[Stored data entries]
== Segment start ==

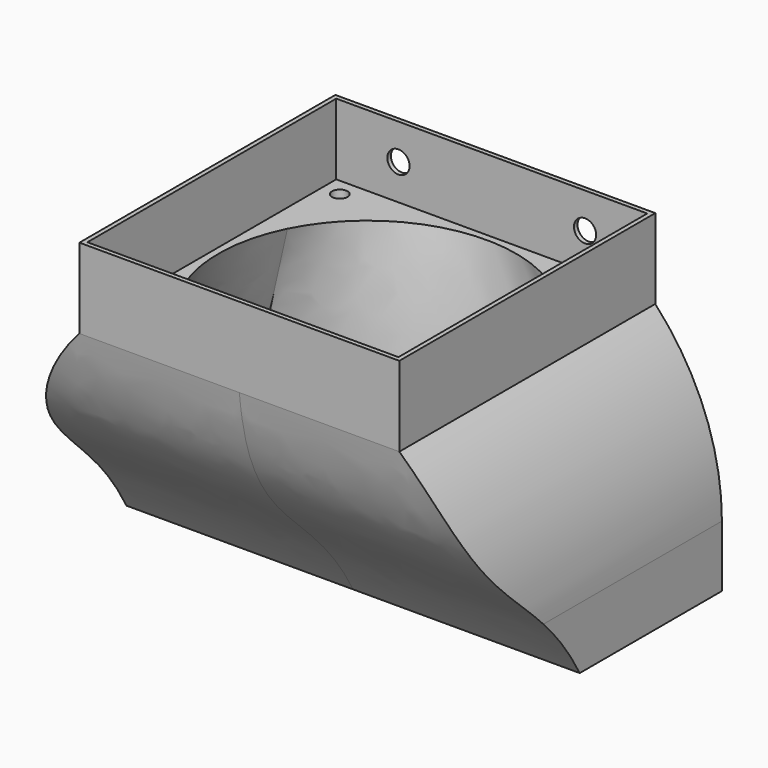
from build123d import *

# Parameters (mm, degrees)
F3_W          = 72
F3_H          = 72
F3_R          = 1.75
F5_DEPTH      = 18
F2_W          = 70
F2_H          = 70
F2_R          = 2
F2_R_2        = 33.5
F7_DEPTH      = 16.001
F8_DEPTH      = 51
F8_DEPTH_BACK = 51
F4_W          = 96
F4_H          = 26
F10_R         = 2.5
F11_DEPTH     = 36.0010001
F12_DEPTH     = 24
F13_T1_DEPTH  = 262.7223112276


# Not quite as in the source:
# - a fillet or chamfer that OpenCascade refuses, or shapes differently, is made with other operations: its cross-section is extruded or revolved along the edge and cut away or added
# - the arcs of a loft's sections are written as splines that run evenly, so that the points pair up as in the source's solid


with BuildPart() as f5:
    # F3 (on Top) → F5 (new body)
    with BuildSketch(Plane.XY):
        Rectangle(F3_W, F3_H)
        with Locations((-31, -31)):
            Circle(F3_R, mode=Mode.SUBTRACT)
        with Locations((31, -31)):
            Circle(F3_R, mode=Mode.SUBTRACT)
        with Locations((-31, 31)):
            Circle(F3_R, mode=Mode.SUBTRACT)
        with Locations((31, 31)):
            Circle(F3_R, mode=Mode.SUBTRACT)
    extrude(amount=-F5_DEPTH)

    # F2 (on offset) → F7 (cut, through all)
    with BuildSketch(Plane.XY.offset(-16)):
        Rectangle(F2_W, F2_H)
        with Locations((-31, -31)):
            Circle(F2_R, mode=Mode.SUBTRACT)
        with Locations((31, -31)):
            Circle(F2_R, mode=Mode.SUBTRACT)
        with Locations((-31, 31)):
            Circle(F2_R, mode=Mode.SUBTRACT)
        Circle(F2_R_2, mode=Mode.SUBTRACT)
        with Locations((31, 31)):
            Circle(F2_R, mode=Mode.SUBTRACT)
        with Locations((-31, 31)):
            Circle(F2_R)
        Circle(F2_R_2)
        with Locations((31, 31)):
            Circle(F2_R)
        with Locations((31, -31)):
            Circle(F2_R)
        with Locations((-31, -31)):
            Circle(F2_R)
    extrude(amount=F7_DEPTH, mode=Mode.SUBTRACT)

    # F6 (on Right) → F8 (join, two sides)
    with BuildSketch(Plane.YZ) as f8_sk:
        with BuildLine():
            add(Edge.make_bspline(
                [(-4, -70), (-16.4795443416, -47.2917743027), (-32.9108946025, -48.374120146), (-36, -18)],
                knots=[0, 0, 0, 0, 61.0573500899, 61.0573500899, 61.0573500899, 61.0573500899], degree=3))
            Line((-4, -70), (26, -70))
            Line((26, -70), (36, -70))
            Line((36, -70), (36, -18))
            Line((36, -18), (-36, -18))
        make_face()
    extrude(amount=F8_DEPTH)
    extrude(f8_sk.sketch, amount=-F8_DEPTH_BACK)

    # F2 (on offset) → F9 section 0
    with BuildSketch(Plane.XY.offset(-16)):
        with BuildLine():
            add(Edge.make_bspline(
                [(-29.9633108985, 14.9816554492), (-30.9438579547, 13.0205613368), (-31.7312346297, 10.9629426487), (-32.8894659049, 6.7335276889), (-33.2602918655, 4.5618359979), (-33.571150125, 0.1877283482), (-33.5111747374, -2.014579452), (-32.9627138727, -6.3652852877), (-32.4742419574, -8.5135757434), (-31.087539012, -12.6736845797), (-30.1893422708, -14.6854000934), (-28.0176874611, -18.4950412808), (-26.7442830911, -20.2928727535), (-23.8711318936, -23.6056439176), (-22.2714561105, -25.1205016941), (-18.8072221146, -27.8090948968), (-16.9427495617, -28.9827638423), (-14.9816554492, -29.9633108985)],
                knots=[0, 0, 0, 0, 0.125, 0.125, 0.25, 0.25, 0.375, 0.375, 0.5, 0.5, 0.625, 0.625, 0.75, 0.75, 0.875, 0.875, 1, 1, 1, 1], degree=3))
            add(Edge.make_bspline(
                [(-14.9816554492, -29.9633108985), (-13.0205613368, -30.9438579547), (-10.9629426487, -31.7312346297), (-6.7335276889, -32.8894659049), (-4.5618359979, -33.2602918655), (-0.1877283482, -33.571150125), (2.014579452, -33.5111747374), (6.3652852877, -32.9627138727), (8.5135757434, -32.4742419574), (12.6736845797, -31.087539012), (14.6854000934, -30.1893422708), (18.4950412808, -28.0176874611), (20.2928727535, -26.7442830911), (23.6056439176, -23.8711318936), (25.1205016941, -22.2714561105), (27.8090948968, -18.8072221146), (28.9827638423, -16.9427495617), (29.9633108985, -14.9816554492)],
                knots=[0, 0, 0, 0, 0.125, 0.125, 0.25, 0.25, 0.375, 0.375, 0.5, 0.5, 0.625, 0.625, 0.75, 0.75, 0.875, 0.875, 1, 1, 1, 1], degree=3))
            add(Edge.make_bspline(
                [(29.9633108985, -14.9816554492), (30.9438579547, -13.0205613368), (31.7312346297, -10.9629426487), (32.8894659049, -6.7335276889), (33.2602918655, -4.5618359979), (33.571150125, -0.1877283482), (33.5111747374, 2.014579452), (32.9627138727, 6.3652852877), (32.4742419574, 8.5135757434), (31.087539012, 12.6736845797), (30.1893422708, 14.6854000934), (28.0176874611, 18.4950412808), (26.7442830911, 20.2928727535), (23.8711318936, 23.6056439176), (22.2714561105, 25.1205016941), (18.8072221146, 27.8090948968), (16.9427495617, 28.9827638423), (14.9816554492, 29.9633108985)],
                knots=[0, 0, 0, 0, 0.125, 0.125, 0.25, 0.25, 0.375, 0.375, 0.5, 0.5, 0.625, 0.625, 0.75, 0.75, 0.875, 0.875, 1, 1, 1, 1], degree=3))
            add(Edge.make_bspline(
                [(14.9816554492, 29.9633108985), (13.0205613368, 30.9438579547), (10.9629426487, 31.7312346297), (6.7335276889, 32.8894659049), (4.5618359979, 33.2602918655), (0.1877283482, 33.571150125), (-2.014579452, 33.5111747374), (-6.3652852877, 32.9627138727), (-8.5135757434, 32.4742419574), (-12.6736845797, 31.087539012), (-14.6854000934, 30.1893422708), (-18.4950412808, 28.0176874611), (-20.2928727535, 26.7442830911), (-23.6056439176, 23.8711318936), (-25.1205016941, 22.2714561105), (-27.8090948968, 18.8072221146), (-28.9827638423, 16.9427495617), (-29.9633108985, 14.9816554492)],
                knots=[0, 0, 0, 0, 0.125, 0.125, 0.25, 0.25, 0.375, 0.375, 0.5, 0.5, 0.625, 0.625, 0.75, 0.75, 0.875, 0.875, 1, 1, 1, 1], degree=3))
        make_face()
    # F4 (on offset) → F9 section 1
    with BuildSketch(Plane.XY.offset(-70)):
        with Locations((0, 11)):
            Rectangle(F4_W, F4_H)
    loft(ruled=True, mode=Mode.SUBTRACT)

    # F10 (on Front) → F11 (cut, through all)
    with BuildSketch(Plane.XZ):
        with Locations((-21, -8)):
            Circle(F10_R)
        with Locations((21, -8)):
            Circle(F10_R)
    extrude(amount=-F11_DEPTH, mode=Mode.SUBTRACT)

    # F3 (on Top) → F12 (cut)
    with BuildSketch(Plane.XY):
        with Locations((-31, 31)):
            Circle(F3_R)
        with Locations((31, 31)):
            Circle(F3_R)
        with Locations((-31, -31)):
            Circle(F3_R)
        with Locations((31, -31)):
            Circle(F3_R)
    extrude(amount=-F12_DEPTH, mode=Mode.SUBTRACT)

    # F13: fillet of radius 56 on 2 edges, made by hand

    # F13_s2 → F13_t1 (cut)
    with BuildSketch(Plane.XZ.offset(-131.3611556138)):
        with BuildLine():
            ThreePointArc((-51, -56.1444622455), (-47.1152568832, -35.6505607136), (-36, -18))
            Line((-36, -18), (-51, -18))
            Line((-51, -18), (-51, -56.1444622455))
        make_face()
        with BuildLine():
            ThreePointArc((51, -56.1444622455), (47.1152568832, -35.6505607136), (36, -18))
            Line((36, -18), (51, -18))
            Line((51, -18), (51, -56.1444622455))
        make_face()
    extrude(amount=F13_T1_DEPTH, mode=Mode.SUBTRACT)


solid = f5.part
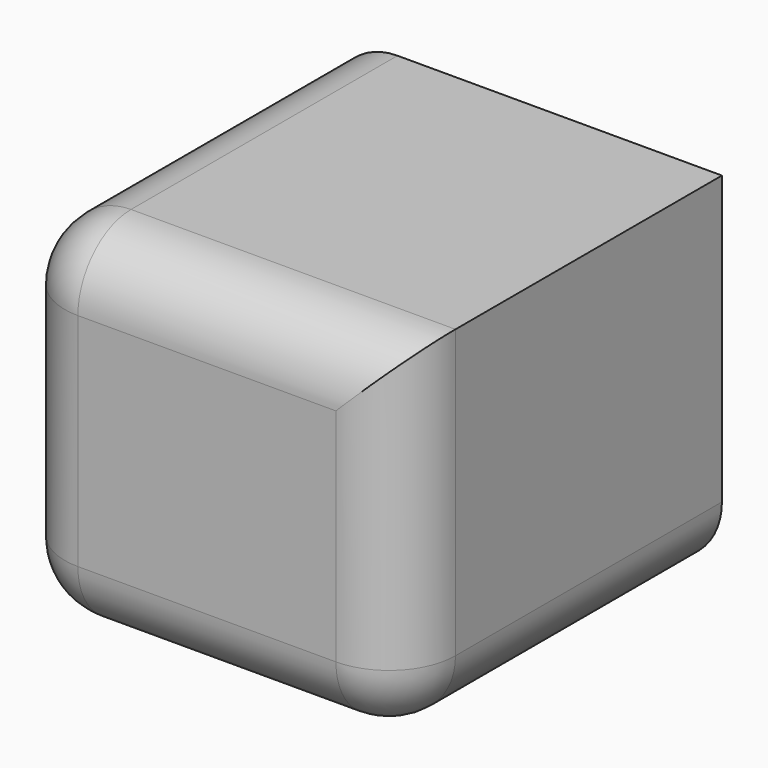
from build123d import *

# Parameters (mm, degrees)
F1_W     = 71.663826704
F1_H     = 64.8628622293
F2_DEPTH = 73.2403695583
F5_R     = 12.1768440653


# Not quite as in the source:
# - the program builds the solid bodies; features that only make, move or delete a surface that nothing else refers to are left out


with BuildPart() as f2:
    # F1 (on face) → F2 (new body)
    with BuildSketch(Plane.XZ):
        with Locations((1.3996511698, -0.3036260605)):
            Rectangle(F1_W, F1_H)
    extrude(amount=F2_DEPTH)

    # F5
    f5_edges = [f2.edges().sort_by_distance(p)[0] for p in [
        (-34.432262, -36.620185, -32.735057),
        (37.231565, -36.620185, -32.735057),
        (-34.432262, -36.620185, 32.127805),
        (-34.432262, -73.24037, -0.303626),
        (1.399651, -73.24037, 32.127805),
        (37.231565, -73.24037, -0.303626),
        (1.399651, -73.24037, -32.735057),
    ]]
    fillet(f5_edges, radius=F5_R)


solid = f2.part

== Segment end ==

_Task goal_: Search the records above for the string "fillet". Copy every line that contains it.

_Reply_:
# - a fillet or chamfer that OpenCascade refuses, or shapes differently, is made with other operations: its cross-section is extruded or revolved along the edge and cut away or added
    # F13: fillet of radius 56 on 2 edges, made by hand
    fillet(f5_edges, radius=F5_R)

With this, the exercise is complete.